GOAL OF THE EXERCISE: For the listing below, return the line containing "#991 = EDGE_CURVE", the line containing "#13016 = CARTESIAN_POINT", and all lines in between, exactly as written and nothing else.
↓↓↓
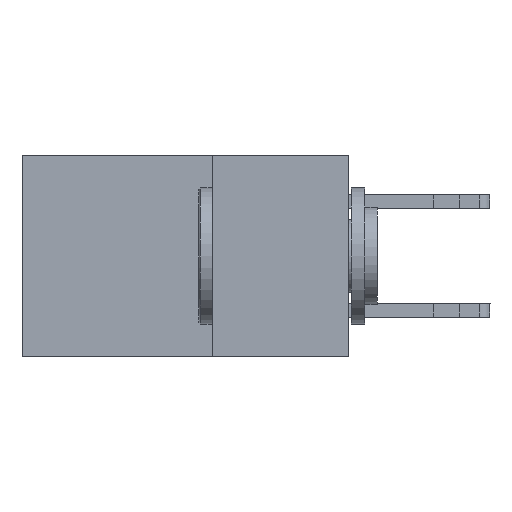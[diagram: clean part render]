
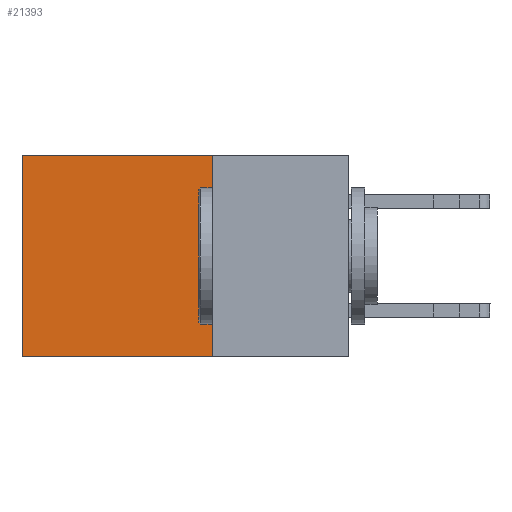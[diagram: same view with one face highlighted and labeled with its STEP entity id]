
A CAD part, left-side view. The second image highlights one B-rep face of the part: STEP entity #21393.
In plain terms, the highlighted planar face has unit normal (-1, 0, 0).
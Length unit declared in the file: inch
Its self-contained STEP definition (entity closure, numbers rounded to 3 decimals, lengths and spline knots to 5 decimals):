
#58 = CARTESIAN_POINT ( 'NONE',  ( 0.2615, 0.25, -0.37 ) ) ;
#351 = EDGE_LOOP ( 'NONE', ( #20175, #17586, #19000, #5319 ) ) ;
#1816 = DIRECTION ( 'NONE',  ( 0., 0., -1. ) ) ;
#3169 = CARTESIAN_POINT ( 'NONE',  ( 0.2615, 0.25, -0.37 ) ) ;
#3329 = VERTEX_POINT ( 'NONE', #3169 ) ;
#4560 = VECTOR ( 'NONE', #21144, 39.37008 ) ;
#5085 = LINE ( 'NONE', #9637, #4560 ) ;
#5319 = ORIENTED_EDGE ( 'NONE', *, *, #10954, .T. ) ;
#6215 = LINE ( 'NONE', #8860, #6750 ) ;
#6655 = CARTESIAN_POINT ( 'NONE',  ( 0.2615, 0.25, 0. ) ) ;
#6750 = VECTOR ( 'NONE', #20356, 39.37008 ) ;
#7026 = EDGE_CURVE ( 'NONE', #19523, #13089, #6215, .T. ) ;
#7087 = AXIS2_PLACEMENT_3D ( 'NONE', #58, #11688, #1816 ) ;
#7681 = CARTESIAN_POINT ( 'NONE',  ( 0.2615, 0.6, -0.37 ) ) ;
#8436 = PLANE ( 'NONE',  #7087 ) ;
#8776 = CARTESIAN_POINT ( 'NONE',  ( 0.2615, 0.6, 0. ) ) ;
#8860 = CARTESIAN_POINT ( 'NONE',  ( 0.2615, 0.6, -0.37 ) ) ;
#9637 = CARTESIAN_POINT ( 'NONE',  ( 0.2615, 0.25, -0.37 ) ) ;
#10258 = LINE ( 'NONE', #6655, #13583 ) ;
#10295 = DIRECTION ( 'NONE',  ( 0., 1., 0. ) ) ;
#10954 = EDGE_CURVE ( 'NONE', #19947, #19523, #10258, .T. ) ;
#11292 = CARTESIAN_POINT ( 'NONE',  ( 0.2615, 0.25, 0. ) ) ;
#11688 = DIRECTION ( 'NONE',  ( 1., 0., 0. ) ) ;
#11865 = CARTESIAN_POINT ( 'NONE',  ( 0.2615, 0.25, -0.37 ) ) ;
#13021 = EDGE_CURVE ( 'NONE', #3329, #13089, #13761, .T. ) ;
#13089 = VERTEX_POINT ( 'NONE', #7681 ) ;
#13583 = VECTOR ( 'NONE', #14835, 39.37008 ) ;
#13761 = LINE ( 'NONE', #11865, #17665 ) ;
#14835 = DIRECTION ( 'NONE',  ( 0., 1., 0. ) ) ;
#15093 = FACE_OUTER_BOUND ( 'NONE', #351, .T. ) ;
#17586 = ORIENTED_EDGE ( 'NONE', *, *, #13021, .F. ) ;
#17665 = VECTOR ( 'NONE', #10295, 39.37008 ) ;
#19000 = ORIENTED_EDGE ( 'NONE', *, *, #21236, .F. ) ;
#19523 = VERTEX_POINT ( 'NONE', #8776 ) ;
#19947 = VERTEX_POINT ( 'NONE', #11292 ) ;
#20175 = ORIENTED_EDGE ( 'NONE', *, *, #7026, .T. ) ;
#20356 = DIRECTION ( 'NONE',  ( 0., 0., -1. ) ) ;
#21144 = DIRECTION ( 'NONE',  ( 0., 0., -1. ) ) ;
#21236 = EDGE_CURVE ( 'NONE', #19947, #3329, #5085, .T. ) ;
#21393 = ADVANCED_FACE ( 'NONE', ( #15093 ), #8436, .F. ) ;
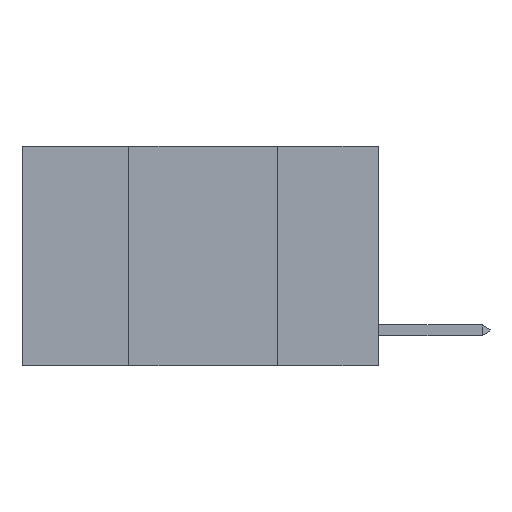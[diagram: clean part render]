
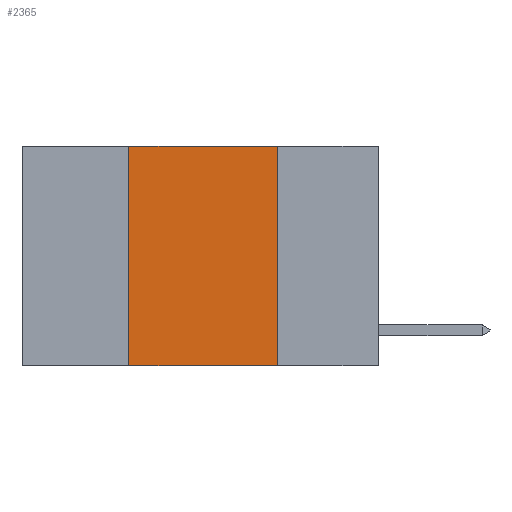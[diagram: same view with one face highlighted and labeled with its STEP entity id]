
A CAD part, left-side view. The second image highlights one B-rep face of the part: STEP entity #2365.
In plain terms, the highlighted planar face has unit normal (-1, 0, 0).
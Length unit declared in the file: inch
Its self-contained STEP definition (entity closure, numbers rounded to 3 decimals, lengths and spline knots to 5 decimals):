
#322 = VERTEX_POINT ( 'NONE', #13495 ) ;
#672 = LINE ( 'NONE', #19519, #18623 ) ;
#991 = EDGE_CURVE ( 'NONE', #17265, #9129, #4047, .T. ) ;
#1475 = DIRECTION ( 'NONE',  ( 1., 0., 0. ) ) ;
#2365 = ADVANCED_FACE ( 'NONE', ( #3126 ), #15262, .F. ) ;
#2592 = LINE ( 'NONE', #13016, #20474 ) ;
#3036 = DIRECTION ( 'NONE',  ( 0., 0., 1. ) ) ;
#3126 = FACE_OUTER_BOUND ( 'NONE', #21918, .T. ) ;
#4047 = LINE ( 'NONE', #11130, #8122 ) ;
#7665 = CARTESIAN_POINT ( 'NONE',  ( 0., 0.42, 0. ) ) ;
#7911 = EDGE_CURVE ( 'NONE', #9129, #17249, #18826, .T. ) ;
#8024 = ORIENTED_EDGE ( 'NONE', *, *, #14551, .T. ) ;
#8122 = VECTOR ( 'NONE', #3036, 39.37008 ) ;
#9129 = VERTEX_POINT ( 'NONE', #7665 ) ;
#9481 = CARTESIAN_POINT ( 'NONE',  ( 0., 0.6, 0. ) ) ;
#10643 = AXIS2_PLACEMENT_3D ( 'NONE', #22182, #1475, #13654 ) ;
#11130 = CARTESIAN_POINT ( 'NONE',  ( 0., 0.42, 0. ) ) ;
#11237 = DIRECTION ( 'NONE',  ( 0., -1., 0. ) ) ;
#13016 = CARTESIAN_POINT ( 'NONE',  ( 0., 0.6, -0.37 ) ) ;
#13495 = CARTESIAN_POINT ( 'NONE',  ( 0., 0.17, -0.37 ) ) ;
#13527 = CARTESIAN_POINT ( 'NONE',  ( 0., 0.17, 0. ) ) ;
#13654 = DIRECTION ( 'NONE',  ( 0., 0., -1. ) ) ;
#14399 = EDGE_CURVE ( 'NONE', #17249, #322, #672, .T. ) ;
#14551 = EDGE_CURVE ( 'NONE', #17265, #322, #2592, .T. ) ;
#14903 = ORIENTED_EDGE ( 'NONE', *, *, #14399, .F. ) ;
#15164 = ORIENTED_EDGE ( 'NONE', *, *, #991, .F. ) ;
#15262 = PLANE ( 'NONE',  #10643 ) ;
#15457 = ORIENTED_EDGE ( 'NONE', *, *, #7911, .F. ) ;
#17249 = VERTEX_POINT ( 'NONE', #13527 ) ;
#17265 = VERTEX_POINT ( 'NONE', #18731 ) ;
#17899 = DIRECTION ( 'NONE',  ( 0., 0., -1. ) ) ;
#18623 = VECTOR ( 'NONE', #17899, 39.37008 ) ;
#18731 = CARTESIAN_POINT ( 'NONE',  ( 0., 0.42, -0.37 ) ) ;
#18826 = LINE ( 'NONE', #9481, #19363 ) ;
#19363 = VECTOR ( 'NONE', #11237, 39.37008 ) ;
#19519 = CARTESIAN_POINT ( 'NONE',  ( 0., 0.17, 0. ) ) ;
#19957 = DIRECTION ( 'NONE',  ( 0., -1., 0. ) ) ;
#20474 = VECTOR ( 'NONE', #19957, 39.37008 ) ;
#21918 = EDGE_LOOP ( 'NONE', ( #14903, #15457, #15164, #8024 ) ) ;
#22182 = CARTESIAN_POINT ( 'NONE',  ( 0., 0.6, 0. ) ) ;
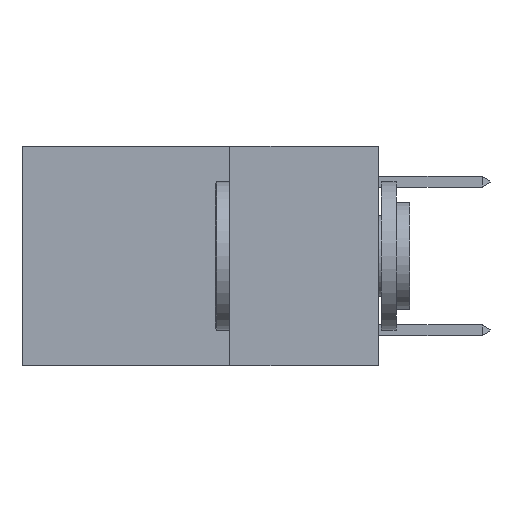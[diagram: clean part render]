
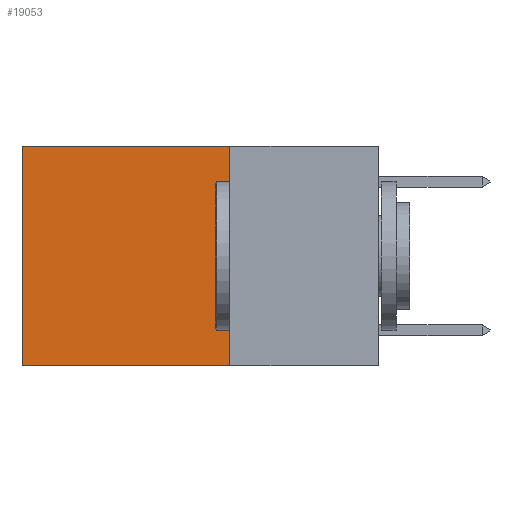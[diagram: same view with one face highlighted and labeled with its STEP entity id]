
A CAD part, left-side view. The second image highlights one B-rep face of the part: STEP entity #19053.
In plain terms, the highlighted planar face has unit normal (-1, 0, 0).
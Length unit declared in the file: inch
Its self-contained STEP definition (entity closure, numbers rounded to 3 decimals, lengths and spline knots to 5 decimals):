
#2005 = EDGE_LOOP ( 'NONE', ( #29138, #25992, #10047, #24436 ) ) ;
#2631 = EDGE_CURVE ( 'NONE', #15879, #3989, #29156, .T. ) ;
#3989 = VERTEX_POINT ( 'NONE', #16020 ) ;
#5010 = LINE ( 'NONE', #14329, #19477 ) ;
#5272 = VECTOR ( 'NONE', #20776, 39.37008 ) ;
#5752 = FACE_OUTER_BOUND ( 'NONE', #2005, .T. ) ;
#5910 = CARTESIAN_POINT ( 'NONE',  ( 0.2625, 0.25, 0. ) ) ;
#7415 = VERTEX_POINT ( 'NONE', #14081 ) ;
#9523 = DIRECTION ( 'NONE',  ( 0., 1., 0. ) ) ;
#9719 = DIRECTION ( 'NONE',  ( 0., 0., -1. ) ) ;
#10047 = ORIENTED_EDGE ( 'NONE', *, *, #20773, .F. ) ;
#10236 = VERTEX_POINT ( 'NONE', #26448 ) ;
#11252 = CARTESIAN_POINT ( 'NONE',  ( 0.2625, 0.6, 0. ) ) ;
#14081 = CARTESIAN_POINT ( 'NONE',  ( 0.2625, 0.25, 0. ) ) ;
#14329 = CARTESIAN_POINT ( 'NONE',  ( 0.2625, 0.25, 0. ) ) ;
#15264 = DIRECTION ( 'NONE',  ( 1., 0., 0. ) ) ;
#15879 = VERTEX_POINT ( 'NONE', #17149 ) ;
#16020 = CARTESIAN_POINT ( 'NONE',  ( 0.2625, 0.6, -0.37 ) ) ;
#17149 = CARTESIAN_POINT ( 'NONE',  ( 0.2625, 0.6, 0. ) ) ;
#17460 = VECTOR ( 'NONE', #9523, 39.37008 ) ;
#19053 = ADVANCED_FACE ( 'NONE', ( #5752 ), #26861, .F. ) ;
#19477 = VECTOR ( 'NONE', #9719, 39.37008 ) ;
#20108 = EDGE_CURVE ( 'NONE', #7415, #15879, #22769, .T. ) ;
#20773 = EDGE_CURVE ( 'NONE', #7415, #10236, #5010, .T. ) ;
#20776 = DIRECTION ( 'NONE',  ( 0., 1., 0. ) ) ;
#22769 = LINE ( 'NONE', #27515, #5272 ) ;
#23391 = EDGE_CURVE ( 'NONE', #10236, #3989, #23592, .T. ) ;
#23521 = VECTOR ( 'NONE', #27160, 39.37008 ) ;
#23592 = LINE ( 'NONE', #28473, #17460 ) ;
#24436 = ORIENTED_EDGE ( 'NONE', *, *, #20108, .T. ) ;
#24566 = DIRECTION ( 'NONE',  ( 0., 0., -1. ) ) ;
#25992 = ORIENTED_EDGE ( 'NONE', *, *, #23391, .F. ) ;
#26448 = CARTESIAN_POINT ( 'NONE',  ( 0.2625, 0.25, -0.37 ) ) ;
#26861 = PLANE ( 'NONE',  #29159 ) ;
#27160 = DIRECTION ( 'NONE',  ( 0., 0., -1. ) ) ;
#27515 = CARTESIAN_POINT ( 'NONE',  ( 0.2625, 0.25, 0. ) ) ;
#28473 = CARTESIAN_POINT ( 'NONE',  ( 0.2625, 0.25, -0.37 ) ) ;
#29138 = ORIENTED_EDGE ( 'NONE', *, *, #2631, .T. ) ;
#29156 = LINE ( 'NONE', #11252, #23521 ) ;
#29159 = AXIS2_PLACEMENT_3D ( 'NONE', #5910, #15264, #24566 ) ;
↑↑↑
SOLUTION:
#991 = EDGE_CURVE ( 'NONE', #17265, #9129, #4047, .T. ) ;
#1475 = DIRECTION ( 'NONE',  ( 1., 0., 0. ) ) ;
#2365 = ADVANCED_FACE ( 'NONE', ( #3126 ), #15262, .F. ) ;
#2592 = LINE ( 'NONE', #13016, #20474 ) ;
#3036 = DIRECTION ( 'NONE',  ( 0., 0., 1. ) ) ;
#3126 = FACE_OUTER_BOUND ( 'NONE', #21918, .T. ) ;
#4047 = LINE ( 'NONE', #11130, #8122 ) ;
#7665 = CARTESIAN_POINT ( 'NONE',  ( 0., 0.42, 0. ) ) ;
#7911 = EDGE_CURVE ( 'NONE', #9129, #17249, #18826, .T. ) ;
#8024 = ORIENTED_EDGE ( 'NONE', *, *, #14551, .T. ) ;
#8122 = VECTOR ( 'NONE', #3036, 39.37008 ) ;
#9129 = VERTEX_POINT ( 'NONE', #7665 ) ;
#9481 = CARTESIAN_POINT ( 'NONE',  ( 0., 0.6, 0. ) ) ;
#10643 = AXIS2_PLACEMENT_3D ( 'NONE', #22182, #1475, #13654 ) ;
#11130 = CARTESIAN_POINT ( 'NONE',  ( 0., 0.42, 0. ) ) ;
#11237 = DIRECTION ( 'NONE',  ( 0., -1., 0. ) ) ;
#13016 = CARTESIAN_POINT ( 'NONE',  ( 0., 0.6, -0.37 ) ) ;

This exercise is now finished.